God’s word and God’s Spirit will transform us. It doesn’t happen in an instant, so we have to be careful here. Our expectations for a new Christian aren’t the same as they are for a mature Christian, but still, a Christian will show the transforming work of God’s life-giving word in his life. And so James says that if you think you’re religious—note that “religion” isn’t the bad word some people make it out to be today. Religion is our service to God. There’s good religion and there’s bad religion as we’ll see in a bit. So if you think you’re serving God but you don’t have a bridle on your tongue—that’s not the only thing that might show this, but since James has been talking about anger and sinful words, this is the example he uses here—if you speak hateful and hurtful and untrue things, you’ve deceived yourself. You’ve been letting God’s word go in one ear and out the other. You haven’t actually heard it and so it hasn’t taken root and it’s not growing in your heart. It calls into question your profession of faith and your place in the covenant. We enter the covenant through faith in Jesus. And we show our membership in the covenant by doing the word, by living the law of the Spirit. And if you aren’t living the law of the Spirit, well, it begs the question: Are you really a member of the covenant? Is your faith in Jesus real? Because a Christian without the fruit of the Spirit, a Christian who is worldly and doesn’t bridle his tongue, well he’s like a Jew who labours on the sabbath or loves eating pork.

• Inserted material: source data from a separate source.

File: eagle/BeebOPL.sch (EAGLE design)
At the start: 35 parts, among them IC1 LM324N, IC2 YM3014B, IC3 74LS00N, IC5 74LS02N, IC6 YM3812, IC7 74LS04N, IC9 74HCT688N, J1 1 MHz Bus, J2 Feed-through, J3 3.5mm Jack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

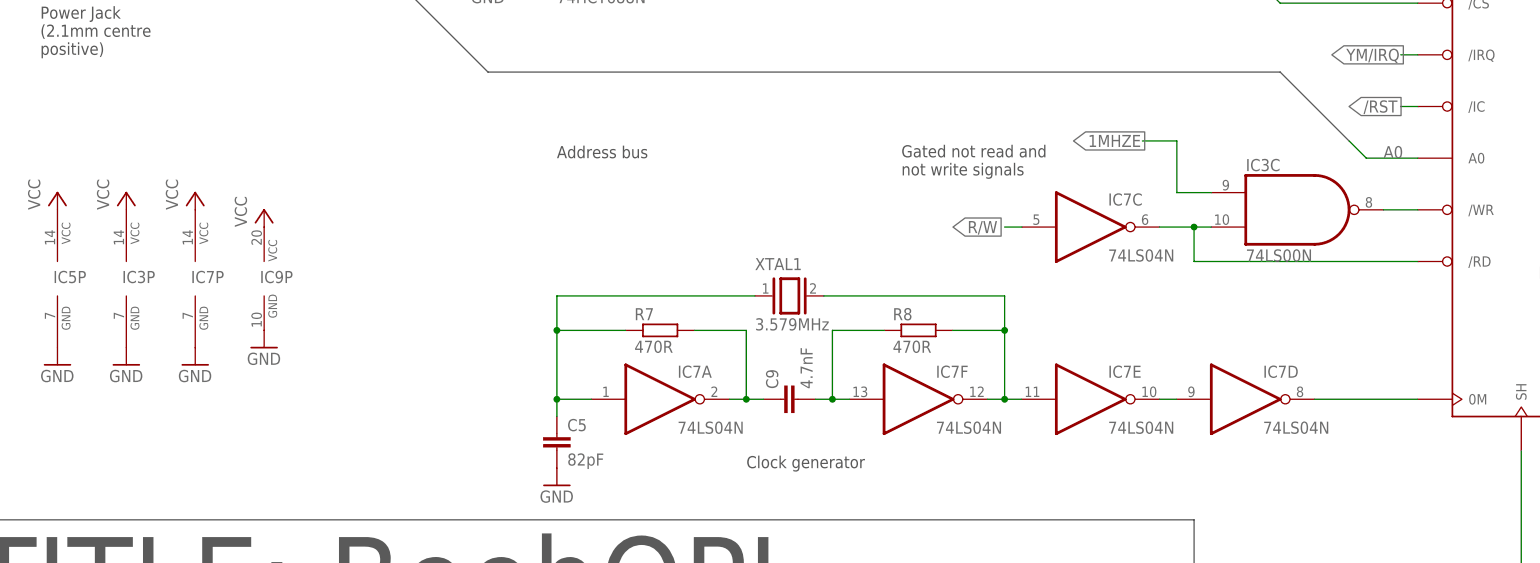
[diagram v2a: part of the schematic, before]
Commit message: Removed 74LS00
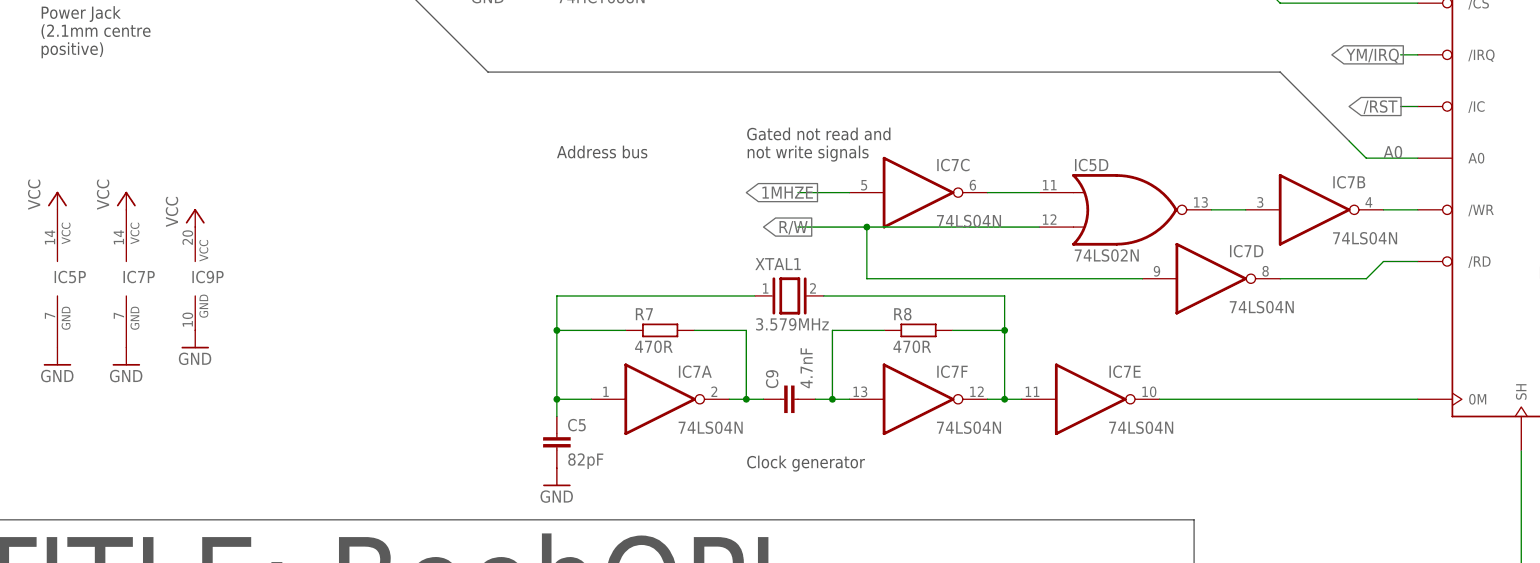
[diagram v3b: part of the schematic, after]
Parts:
- removed IC3: 74LS00N, 74xx-us:74LS00N
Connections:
- removed net /RD: IC3C.I1, IC6./RD, IC7C.O
- removed net N$25: IC6.0M, IC7D.O
- new net N$14: IC6./RD, IC7D.O
- new net N$2: IC5D.O, IC7B.I
- new net N$3: IC5D.I0, IC7C.O
- net 1MHZE: now also IC7C.I; no longer IC3C.I0
- net GND: no longer IC3P.GND
- net N$24: now also IC7B.O; no longer IC3C.O
- net N$26: now also IC6.0M; no longer IC7D.I
- net R/W: now also IC5D.I1, IC7D.I; no longer IC7C.I
- net VCC: no longer IC3P.VCC
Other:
- moved on the sheet: IC7C, IC7D, IC7P, IC9P
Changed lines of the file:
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@@
 <part name="C7" library="resistor" deviceset="C-EU" device="050-024X044" value="10nF"/>
 <part name="C6" library="resistor" deviceset="CPOL-EU" device="E2-5" value="10uF 16V"/>
-<part name="IC3" library="74xx-us" deviceset="74*00" device="N" technology="LS"/>
-<part name="P+2" library="supply1" deviceset="VCC" device=""/>
-<part name="GND3" library="supply1" deviceset="GND" device=""/>
 <part name="IC7" library="74xx-us" deviceset="74*04" device="N" technology="LS"/>
 <part name="P+5" library="supply1" deviceset="VCC" device=""/>
@@
 <text x="-101.6" y="119.38" size="1.778" layer="97">Gated clean not
 page select signal</text>
-<text x="-48.26" y="22.86" size="1.778" layer="97">Gated not read and
+<text x="-71.12" y="25.4" size="1.778" layer="97">Gated not read and
 not write signals</text>
 <text x="-71.12" y="-20.32" size="1.778" layer="97">Clock generator</text>
@@
 <attribute name="VALUE" x="-143.637" y="53.8226" size="1.778" layer="96"/>
 </instance>
-<instance part="IC3" gate="P" x="-162.56" y="7.62"/>
-<instance part="P+2" gate="VCC" x="-162.56" y="20.32"/>
-<instance part="GND3" gate="1" x="-162.56" y="-5.08"/>
-<instance part="IC3" gate="C" x="10.16" y="17.78"/>
 <instance part="IC7" gate="A" x="-83.82" y="-10.16"/>
-<instance part="IC7" gate="P" x="-152.4" y="7.62"/>
-<instance part="P+5" gate="VCC" x="-152.4" y="20.32"/>
-<instance part="GND11" gate="1" x="-152.4" y="-5.08"/>
+<instance part="IC7" gate="P" x="-162.56" y="7.62"/>
+<instance part="P+5" gate="VCC" x="-162.56" y="20.32"/>
+<instance part="GND11" gate="1" x="-162.56" y="-5.08"/>
 <instance part="IC7" gate="F" x="-45.72" y="-10.16"/>
-<instance part="IC7" gate="D" x="2.54" y="-10.16"/>
 <instance part="IC7" gate="E" x="-20.32" y="-10.16"/>
-<instance part="IC7" gate="C" x="-20.32" y="15.24"/>
 <instance part="IC9" gate="A" x="-91.44" y="76.2"/>
 <instance part="P+9" gate="VCC" x="-116.84" y="73.66"/>
 <instance part="GND15" gate="1" x="-109.22" y="50.8"/>
-<instance part="IC9" gate="P" x="-142.24" y="7.62"/>
-<instance part="P+10" gate="VCC" x="-142.24" y="17.78"/>
-<instance part="GND16" gate="1" x="-142.24" y="-2.54"/>
+<instance part="IC9" gate="P" x="-152.4" y="7.62"/>
+<instance part="P+10" gate="VCC" x="-152.4" y="17.78"/>
+<instance part="GND16" gate="1" x="-152.4" y="-2.54"/>
 <instance part="H1" gate="G$1" x="134.62" y="127"/>
 <instance part="H2" gate="G$1" x="134.62" y="116.84"/>
 <instance part="H3" gate="G$1" x="134.62" y="106.68"/>
 <instance part="H4" gate="G$1" x="134.62" y="96.52"/>
+<instance part="IC5" gate="D" x="-15.24" y="17.78"/>
+<instance part="IC7" gate="B" x="12.7" y="17.78"/>
+<instance part="IC7" gate="C" x="-45.72" y="20.32"/>
+<instance part="IC7" gate="D" x="-2.54" y="7.62"/>
 </instances>
 <busses>
@@
 <pinref part="GND4" gate="1" pin="GND"/>
 <wire x1="76.2" y1="-71.12" x2="76.2" y2="-73.66" width="0.1524" layer="91"/>
-</segment>
-<segment>
-<pinref part="IC3" gate="P" pin="GND"/>
-<pinref part="GND3" gate="1" pin="GND"/>
 </segment>
 <segment>
@@
 </segment>
 <segment>
-<pinref part="IC3" gate="P" pin="VCC"/>
-<pinref part="P+2" gate="VCC" pin="VCC"/>
-</segment>
-<segment>
 <pinref part="IC7" gate="P" pin="VCC"/>
 <pinref part="P+5" gate="VCC" pin="VCC"/>
@@
 </segment>
 <segment>
-<wire x1="-2.54" y1="20.32" x2="-7.62" y2="20.32" width="0.1524" layer="91"/>
-<wire x1="-7.62" y1="20.32" x2="-7.62" y2="27.94" width="0.1524" layer="91"/>
-<wire x1="-7.62" y1="27.94" x2="-12.7" y2="27.94" width="0.1524" layer="91"/>
-<label x="-22.86" y="27.94" size="1.778" layer="95" xref="yes"/>
-<pinref part="IC3" gate="C" pin="I0"/>
+<pinref part="IC7" gate="C" pin="I"/>
+<wire x1="-55.88" y1="20.32" x2="-63.5" y2="20.32" width="0.1524" layer="91"/>
+<label x="-71.12" y="20.32" size="1.778" layer="95" xref="yes"/>
 </segment>
 </net>
@@
 </segment>
 <segment>
-<wire x1="-30.48" y1="15.24" x2="-33.02" y2="15.24" width="0.1524" layer="91"/>
-<label x="-40.64" y="15.24" size="1.778" layer="95" xref="yes"/>
-<pinref part="IC7" gate="C" pin="I"/>
+<pinref part="IC5" gate="D" pin="I1"/>
+<wire x1="-27.94" y1="15.24" x2="-53.34" y2="15.24" width="0.1524" layer="91"/>
+<label x="-68.58" y="15.24" size="1.778" layer="95" xref="yes"/>
+<wire x1="-53.34" y1="15.24" x2="-63.5" y2="15.24" width="0.1524" layer="91"/>
+<wire x1="-53.34" y1="15.24" x2="-53.34" y2="7.62" width="0.1524" layer="91"/>
+<junction x="-53.34" y="15.24"/>
+<wire x1="-53.34" y1="7.62" x2="-12.7" y2="7.62" width="0.1524" layer="91"/>
+<pinref part="IC7" gate="D" pin="I"/>
 </segment>
 </net>
@@
 </segment>
 </net>
-<net name="/RD" class="0">
-<segment>
-<wire x1="-10.16" y1="15.24" x2="-5.08" y2="15.24" width="0.1524" layer="91"/>
-<wire x1="-5.08" y1="15.24" x2="-2.54" y2="15.24" width="0.1524" layer="91"/>
-<wire x1="-5.08" y1="15.24" x2="-5.08" y2="10.16" width="0.1524" layer="91"/>
-<junction x="-5.08" y="15.24"/>
-<pinref part="IC6" gate="G$1" pin="/RD"/>
-<wire x1="27.94" y1="10.16" x2="-5.08" y2="10.16" width="0.1524" layer="91"/>
-<pinref part="IC3" gate="C" pin="I1"/>
-<pinref part="IC7" gate="C" pin="O"/>
-</segment>
-</net>
 <net name="N$30" class="0">
 <segment>
@@
 <net name="N$24" class="0">
 <segment>
-<pinref part="IC3" gate="C" pin="O"/>
 <pinref part="IC6" gate="G$1" pin="/WR"/>
 <wire x1="22.86" y1="17.78" x2="27.94" y2="17.78" width="0.1524" layer="91"/>
+<pinref part="IC7" gate="B" pin="O"/>
 </segment>
 </net>
 <net name="N$26" class="0">
 <segment>
-<pinref part="IC7" gate="D" pin="I"/>
-<wire x1="-7.62" y1="-10.16" x2="-10.16" y2="-10.16" width="0.1524" layer="91"/>
 <pinref part="IC7" gate="E" pin="O"/>
-</segment>
-</net>
-<net name="N$25" class="0">
+<pinref part="IC6" gate="G$1" pin="0M"/>
+<wire x1="-10.16" y1="-10.16" x2="27.94" y2="-10.16" width="0.1524" layer="91"/>
+</segment>
+</net>
+<net name="N$2" class="0">
+<segment>
+<pinref part="IC5" gate="D" pin="O"/>
+<pinref part="IC7" gate="B" pin="I"/>
+<wire x1="-2.54" y1="17.78" x2="2.54" y2="17.78" width="0.1524" layer="91"/>
+</segment>
+</net>
+<net name="N$3" class="0">
+<segment>
+<pinref part="IC7" gate="C" pin="O"/>
+<pinref part="IC5" gate="D" pin="I0"/>
+<wire x1="-35.56" y1="20.32" x2="-27.94" y2="20.32" width="0.1524" layer="91"/>
+</segment>
+</net>
+<net name="N$14" class="0">
 <segment>
 <pinref part="IC7" gate="D" pin="O"/>
-<pinref part="IC6" gate="G$1" pin="0M"/>
-<wire x1="12.7" y1="-10.16" x2="27.94" y2="-10.16" width="0.1524" layer="91"/>
-</segment>
-</net>
+<wire x1="7.62" y1="7.62" x2="20.32" y2="7.62" width="0.1524" layer="91"/>
+<wire x1="20.32" y1="7.62" x2="22.86" y2="10.16" width="0.1524" layer="91"/>
+<pinref part="IC6" gate="G$1" pin="/RD"/>
+<wire x1="22.86" y1="10.16" x2="27.94" y2="10.16" width="0.1524" layer="91"/>
+</segment>
+</net>

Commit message: Added resistor networks
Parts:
- added RN1, RN2, RN3, RN4: 2K2, resistor-sil:G08R
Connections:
- net A0: now also RN3.2, RN4.2
- net A1: now also RN3.3, RN4.3
- net A2: now also RN3.4, RN4.4
- net A3: now also RN3.5, RN4.5
- net A4: now also RN3.6, RN4.6
- net A5: now also RN3.7, RN4.7
- net A6: now also RN3.8, RN4.8
- net A7: now also RN3.9, RN4.9
- net D0: now also RN1.2, RN2.2
- net D1: now also RN1.3, RN2.3
- net D2: now also RN1.4, RN2.4
- net D3: now also RN1.5, RN2.5
- net D4: now also RN1.6, RN2.6
- net D5: now also RN1.7, RN2.7
- net D6: now also RN1.8, RN2.8
- net D7: now also RN1.9, RN2.9
- net GND: now also RN2.1, RN4.1
- net VCC: now also RN1.1, RN3.1
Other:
- note added: "DATE: 27 Sept 2016"
- note added: "Designed by: Robert Lazarus (with assistance from David Banks & Mark) Based on the Commodore Sound Expander (Richard Watts & Music Sales Limited, 1985)"
- note added: "REVISION: 0.90"
- note removed: "&04=%00000100 &05=%00000101"
- note removed: "DATE: 11 July 2016"
- note removed: "Designed by: Robert Lazarus (with assistance from David Banks) Based on the Commodore Sound Expander (Richard Watts & Music Sales Limited, 1985)"
- note removed: "REVISION: 0.61"
- moved on the sheet: C5, C6, C7, C9, IC5A, IC5B, IC5C, IC5P, IC7A, IC7D, IC7E, IC7F

He’s a contradiction.
In contrast, true religion, real service to God looks like this: visiting orphans and widows and keeping yourself unstained by the filthiness of the world. James could have listed any number of things here, but he’s certainly practical and these are things that stood out in the First Century and made people take note of Christians and the Church. It was a dog-eat-dog world, but the Christians took care of each other and they took care of the poor and vulnerable, because that’s what love in action looks like and because that’s what new creation looks like. And in a world of filth, where culture was crude and vulgar and religion often involved ritual drug use and prostitution, God’s people stood apart—much as the Jews of the old covenant had stood apart. Jesus’ people, transformed by word and Spirit, should stand as beacons of his new creation, by our lives and by our proclamation, lifting the veil on what God has in store for this broken world.
So Brother and Sisters, be Easter people. If you have believed that Jesus died and rose from the dead to forgiven our sins and to make us part of his new creation, prove it. Really be Easter people. Immerse yourselves in God’s word and hear what he has to say. Don’t let it go in one ear and out the other. Let it sink in and take root and grow. And then be the new creation that God’s word will make us if we give it the chance and as God’s word transform. He will make us, as he promised, the firstfruits of his new creation—a and that, Brothers and Sisters, is how he is setting the wrongs of this world to right. Not by our anger, but by his word and by his Spirit.
Let’s pray: O Lord, from whom all good things come: Grant to us, your humble servants, that by your holy inspiration we may think those things that are good, and by your merciful guidance put them into practice; through our Lord Jesus Christ, who lives and reigns with you and the Holy Spirit, one God, now and for ever. Amen.